For recordings, I'd try Tintner (Naxos) in '00' and Tintner (Naxos)/Chailly (Decca) /Skrowaczewski (Oehms) in '0'


----------



## Brouken Air (Jun 18, 2015)

elgars ghost said:


> '00' was a work written before Bruckner had found his true orchestral voice - he was a late learner and it's not too hard to spot the reference points esp. Mendelssohn.


I would say yes and no, yes as this symphony was considered a a study work by Bruckner 'Eine Schularbeit'. It's lacking the dynamics which will appear in the late symphonies, thematically not very consistant, it shows though some nice and warm passages and already introduce certain patterns (end of 1st movement) which will be later reinforced. No for the solely Mendelssohn influence, reference points are various, Schumann and Mozart (symphony 41 in the second movement) are very present, as well as Mendelssohn. The influence from Wagner is not very pregnant (like shadows).
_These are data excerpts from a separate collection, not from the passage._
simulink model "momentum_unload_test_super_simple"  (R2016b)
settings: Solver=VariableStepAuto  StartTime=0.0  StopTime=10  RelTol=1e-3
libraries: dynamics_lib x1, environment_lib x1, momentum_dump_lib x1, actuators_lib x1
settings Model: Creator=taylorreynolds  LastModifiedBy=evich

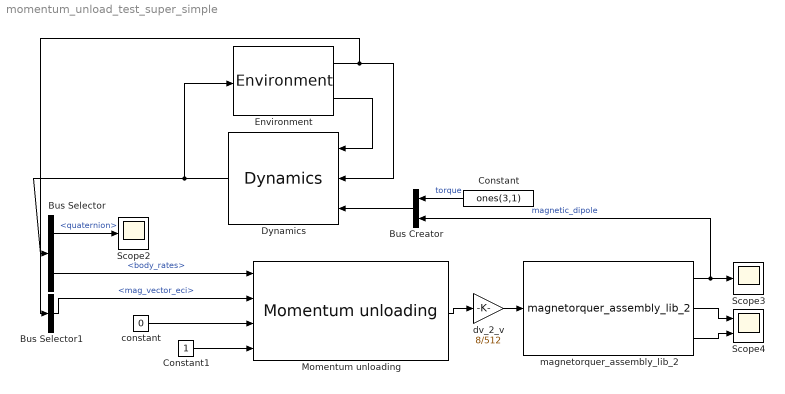
== system momentum_unload_test_super_simple ==
  Bus Creator : BusCreator  Inputs=2
  Bus Selector : BusSelector  OutputSignals=quaternion,body_rates
  Bus Selector1 : BusSelector  OutputSignals=mag_vector_eci
  Constant : Constant  Value=ones(3,1)
  Constant1 : Constant
  Dynamics : dynamics_lib/Dynamics
  Environment : environment_lib/Environment
  Momentum unloading : momentum_dump_lib/Momentum unloading
  Scope2 : Scope
  Scope3 : Scope
  Scope4 : Scope  NumInputPorts=2
  constant : Constant  Value=0
  dv_2_v : Gain  Gain=8/512
  magnetorquer_assembly_lib_2 : actuators_lib/Actuators/magnetorquer_assembly_lib_2
  wires:
  Environment/1 -> Bus Selector1/1, Dynamics/2
  Dynamics/1 -> Environment/1, Bus Selector/1
  Bus Selector/2 -> Momentum unloading/1  "<body_rates>"
  Bus Selector/1 -> Scope2/1  "<quaternion>"
  Bus Creator/1 -> Dynamics/3
  magnetorquer_assembly_lib_2/1 -> Scope3/1, Bus Creator/2  "magnetic_dipole"
  constant/1 -> Momentum unloading/3
  Momentum unloading/1 -> dv_2_v/1
  dv_2_v/1 -> magnetorquer_assembly_lib_2/1
  magnetorquer_assembly_lib_2/2 -> Scope4/1
  magnetorquer_assembly_lib_2/3 -> Scope4/2
  Constant1/1 -> Momentum unloading/4
  Bus Selector1/1 -> Momentum unloading/2  "<mag_vector_eci>"
  Constant/1 -> Bus Creator/1  "torque"
  Environment/2 -> Dynamics/1
simulink model "SigProcessFinished"  (R2022b)
settings: configuration reference "TmVcThermal_Configuration_sub" (kept outside this file)
undefined symbols (not defined in the file): cClCddAdc_D_u16ADNum, cClCddAdc_D_u8FilterType, cClCddAdc_D_u8RawValueNum
libraries: simulink x23
(part 2 of 2)

== matlab function SigProcessFinished/SigProcessSub/CLHB02001_Filter/AVG5/MATLAB Function ==
  data: u input; mid output; withoutEdge output; num input

function [mid, withoutEdge] = fcn(u,num)
% 输入u: 待排序数组
% 输入num: 滤波个数，max is 20
n = num;
for i = 1:n-1
    for j = 1:n-i
        if u(j) > u(j+1)
            temp = u(j);
            u(j) = u(j+1);
            u(j+1) = temp;
        end
    end
end
sortedData = u;

mid = sortedData(ceil(num/2)); % 取中间值
withoutEdge = mean(sortedData(2:num-1));

== matlab function SigProcessFinished/SigProcessSub/CLHB02001_Filter/AVG6/MATLAB Function ==
  data: u input; mid output; withoutEdge output; num input

function [mid, withoutEdge] = fcn(u,num)
% 输入u: 待排序数组
% 输入num: 滤波个数，max is 20
n = num;
for i = 1:n-1
    for j = 1:n-i
        if u(j) > u(j+1)
            temp = u(j);
            u(j) = u(j+1);
            u(j+1) = temp;
        end
    end
end
sortedData = u;

mid = sortedData(ceil(num/2)); % 取中间值
withoutEdge = mean(sortedData(2:num-1));

== matlab function SigProcessFinished/SigProcessSub/CLHB02001_Filter/AVG7/MATLAB Function ==
  data: u input; mid output; withoutEdge output; num input

function [mid, withoutEdge] = fcn(u,num)
% 输入u: 待排序数组
% 输入num: 滤波个数，max is 20
n = num;
for i = 1:n-1
    for j = 1:n-i
        if u(j) > u(j+1)
            temp = u(j);
            u(j) = u(j+1);
            u(j+1) = temp;
        end
    end
end
sortedData = u;

mid = sortedData(ceil(num/2)); % 取中间值
withoutEdge = mean(sortedData(2:num-1));

== matlab function SigProcessFinished/SigProcessSub/CLHB02001_Filter/AVG8/MATLAB Function ==
  data: u input; mid output; withoutEdge output; num input

function [mid, withoutEdge] = fcn(u,num)
% 输入u: 待排序数组
% 输入num: 滤波个数，max is 20
n = num;
for i = 1:n-1
    for j = 1:n-i
        if u(j) > u(j+1)
            temp = u(j);
            u(j) = u(j+1);
            u(j+1) = temp;
        end
    end
end
sortedData = u;

mid = sortedData(ceil(num/2)); % 取中间值
withoutEdge = mean(sortedData(2:num-1));

== matlab function SigProcessFinished/SigProcessSub/CLHB02001_Filter/AVG9/MATLAB Function ==
  data: u input; mid output; withoutEdge output; num input

function [mid, withoutEdge] = fcn(u,num)
% 输入u: 待排序数组
% 输入num: 滤波个数，max is 20
n = num;
for i = 1:n-1
    for j = 1:n-i
        if u(j) > u(j+1)
            temp = u(j);
            u(j) = u(j+1);
            u(j+1) = temp;
        end
    end
end
sortedData = u;

mid = sortedData(ceil(num/2)); % 取中间值
withoutEdge = mean(sortedData(2:num-1));

I would say that Bruckner style is recognizable, but it is a small scale Bruckner!
If you're a Bruckner lover, you must hear it, it is an important milestone to understand Bruckner!
Recordings Georg Tintner or Stanisław Skrowaczewski, as well for the 'Nullte'

:tiphat:


----------



## Albert7 (Nov 16, 2014)

Both symphonies are worth studying. I enjoy both of those.


----------



## joen_cph (Jan 17, 2010)

Would recommend Inbal/Frankfurt concerning recordings.


----------



## notesetter (Mar 31, 2011)

Simone Young's recording of Die Nullte is very fine (Hamburg Philharmonic). Young has also recorded the Study Symphony, which I've not heard.

My favorite Die Nullte is Haitink, only available as part of his complete cycle with the Concertgebouworkest. That set has become rather pricey lately. Hopefully it will be reissued again at a bargain price, for his Amsterdam cycle has many fine moments.


----------



## Arsakes (Feb 20, 2012)

I had'nt heard of them until lately and still don't have them.
So they should be as good as Wagner symphonies (which still I haven't found them)


----------



## Azol (Jan 25, 2015)

Chailly did a very good recording of Nullte.


----------



## Delicious Manager (Jul 16, 2008)

'Die Nullte' actually dates from between Nos 1 and 2 and I find it well worth a listen. The Study Symphony ('00') sounds more like Schumann and Mendelssohn to my ears and, although interesting, is not representative of Bruckner's style at all.


----------